━━━━━ Extracted data

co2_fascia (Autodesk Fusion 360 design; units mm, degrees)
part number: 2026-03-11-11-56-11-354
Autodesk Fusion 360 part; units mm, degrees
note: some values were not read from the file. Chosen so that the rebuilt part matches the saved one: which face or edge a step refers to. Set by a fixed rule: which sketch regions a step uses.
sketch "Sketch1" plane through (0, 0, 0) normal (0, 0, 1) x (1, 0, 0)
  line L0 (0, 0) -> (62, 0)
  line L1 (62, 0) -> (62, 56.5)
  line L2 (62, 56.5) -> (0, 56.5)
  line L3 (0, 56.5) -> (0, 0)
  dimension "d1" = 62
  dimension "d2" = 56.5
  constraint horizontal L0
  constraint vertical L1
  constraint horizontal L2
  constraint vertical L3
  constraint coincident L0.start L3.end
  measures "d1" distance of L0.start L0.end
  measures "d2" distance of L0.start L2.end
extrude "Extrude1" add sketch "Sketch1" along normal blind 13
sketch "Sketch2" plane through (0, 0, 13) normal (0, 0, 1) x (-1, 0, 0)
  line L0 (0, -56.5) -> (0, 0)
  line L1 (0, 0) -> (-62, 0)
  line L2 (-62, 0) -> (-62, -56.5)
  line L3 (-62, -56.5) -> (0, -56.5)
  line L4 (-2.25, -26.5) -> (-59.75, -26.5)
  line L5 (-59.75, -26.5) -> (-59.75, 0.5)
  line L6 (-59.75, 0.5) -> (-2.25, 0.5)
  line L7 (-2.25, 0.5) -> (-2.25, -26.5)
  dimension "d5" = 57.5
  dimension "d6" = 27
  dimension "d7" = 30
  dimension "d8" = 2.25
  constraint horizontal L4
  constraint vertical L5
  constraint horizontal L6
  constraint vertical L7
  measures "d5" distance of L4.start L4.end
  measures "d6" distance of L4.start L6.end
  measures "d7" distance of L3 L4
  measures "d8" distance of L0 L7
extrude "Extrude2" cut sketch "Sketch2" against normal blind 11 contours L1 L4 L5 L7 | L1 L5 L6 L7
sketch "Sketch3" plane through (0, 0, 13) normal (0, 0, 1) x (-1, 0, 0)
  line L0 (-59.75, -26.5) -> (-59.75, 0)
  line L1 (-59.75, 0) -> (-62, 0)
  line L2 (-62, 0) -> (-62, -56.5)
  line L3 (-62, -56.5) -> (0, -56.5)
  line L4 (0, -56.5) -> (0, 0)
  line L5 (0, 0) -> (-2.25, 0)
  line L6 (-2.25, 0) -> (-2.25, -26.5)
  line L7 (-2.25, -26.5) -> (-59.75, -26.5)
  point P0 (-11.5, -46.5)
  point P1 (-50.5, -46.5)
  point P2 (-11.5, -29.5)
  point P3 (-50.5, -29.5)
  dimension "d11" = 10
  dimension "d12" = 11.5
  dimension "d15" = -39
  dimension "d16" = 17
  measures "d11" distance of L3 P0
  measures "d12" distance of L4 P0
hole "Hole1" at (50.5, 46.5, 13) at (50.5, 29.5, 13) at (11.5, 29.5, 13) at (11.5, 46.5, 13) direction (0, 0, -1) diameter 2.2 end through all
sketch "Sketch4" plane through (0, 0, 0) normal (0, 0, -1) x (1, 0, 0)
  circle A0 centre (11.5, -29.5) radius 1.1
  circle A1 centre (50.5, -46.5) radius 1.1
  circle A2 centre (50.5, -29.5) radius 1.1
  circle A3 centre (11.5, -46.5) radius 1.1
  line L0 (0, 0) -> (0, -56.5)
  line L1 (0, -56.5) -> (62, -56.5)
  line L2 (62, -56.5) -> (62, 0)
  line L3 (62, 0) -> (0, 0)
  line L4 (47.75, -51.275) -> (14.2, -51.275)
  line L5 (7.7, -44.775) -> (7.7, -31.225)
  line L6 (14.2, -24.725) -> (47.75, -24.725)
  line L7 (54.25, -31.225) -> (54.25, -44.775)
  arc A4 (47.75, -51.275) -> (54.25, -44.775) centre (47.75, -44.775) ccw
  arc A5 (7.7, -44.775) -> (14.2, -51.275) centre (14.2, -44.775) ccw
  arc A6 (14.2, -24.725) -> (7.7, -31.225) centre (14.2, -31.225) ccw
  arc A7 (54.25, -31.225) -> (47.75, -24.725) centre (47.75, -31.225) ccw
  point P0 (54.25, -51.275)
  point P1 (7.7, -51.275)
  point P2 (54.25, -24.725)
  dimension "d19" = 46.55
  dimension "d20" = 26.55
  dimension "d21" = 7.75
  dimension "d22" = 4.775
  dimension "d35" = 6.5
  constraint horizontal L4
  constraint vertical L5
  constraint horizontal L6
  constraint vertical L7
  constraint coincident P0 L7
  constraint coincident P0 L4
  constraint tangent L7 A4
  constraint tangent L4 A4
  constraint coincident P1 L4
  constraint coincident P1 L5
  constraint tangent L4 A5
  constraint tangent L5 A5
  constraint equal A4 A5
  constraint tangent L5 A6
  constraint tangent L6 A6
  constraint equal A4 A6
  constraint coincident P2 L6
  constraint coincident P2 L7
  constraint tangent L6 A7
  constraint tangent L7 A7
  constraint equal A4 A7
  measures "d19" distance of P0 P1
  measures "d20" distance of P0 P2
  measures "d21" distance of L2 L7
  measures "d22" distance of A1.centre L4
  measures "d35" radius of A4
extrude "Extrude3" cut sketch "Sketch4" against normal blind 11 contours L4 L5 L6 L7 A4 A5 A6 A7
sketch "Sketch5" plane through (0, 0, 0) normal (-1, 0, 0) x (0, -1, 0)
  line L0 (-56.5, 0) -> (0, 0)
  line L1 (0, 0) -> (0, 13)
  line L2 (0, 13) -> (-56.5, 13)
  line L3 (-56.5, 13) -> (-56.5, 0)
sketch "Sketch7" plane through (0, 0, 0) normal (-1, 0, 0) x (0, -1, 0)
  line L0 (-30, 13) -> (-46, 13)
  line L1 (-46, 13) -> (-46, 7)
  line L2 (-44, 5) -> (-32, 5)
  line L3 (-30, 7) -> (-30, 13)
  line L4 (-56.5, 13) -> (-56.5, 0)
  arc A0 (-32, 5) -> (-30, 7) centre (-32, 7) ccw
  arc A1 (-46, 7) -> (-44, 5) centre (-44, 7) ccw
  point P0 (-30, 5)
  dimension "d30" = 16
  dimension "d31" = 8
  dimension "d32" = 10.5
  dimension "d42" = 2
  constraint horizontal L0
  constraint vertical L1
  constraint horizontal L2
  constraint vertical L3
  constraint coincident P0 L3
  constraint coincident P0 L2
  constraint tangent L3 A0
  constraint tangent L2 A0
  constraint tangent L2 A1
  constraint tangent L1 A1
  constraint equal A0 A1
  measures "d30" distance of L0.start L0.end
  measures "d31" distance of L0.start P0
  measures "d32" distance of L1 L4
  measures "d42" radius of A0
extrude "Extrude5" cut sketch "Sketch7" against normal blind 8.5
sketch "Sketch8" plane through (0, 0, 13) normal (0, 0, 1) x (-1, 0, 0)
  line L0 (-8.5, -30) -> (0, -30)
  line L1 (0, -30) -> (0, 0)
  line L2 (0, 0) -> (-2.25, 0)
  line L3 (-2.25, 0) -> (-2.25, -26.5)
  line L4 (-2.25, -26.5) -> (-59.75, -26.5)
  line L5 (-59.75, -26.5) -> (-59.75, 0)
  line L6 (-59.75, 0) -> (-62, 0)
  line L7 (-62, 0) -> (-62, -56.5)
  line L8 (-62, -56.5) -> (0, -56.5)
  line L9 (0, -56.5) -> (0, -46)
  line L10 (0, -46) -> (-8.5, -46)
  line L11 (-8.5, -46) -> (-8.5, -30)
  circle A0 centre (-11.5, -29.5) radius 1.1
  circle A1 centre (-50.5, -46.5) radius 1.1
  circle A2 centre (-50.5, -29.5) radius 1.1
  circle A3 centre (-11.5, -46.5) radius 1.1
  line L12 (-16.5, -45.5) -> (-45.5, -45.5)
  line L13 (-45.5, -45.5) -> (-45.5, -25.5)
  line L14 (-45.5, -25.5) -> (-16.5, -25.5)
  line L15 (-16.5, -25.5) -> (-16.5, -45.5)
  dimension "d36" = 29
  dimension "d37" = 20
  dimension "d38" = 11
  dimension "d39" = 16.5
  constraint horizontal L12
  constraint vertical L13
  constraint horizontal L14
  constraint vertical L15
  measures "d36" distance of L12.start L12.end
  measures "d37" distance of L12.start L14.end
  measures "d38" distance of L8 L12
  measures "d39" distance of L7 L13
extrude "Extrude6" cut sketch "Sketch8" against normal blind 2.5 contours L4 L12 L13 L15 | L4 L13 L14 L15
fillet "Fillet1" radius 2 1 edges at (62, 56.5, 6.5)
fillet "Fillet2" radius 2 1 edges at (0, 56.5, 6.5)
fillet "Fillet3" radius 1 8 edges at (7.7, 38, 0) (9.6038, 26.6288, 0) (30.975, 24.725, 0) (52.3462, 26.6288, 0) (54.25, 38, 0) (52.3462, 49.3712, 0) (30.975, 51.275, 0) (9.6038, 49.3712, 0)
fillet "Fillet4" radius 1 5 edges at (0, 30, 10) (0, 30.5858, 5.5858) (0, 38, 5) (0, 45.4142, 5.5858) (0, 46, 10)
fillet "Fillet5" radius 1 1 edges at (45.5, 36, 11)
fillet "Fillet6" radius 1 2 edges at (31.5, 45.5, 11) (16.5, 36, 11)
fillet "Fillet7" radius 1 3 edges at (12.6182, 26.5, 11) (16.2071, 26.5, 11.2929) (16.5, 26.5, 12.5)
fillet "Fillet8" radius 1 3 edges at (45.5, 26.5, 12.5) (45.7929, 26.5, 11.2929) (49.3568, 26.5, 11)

━━━━━━━━━━

Every line containing the string "circle" is required; copy each such line from the data.

> **Solved exercise**
  circle A0 centre (11.5, -29.5) radius 1.1
  circle A1 centre (50.5, -46.5) radius 1.1
  circle A2 centre (50.5, -29.5) radius 1.1
  circle A3 centre (11.5, -46.5) radius 1.1
  circle A0 centre (-11.5, -29.5) radius 1.1
  circle A1 centre (-50.5, -46.5) radius 1.1
  circle A2 centre (-50.5, -29.5) radius 1.1
  circle A3 centre (-11.5, -46.5) radius 1.1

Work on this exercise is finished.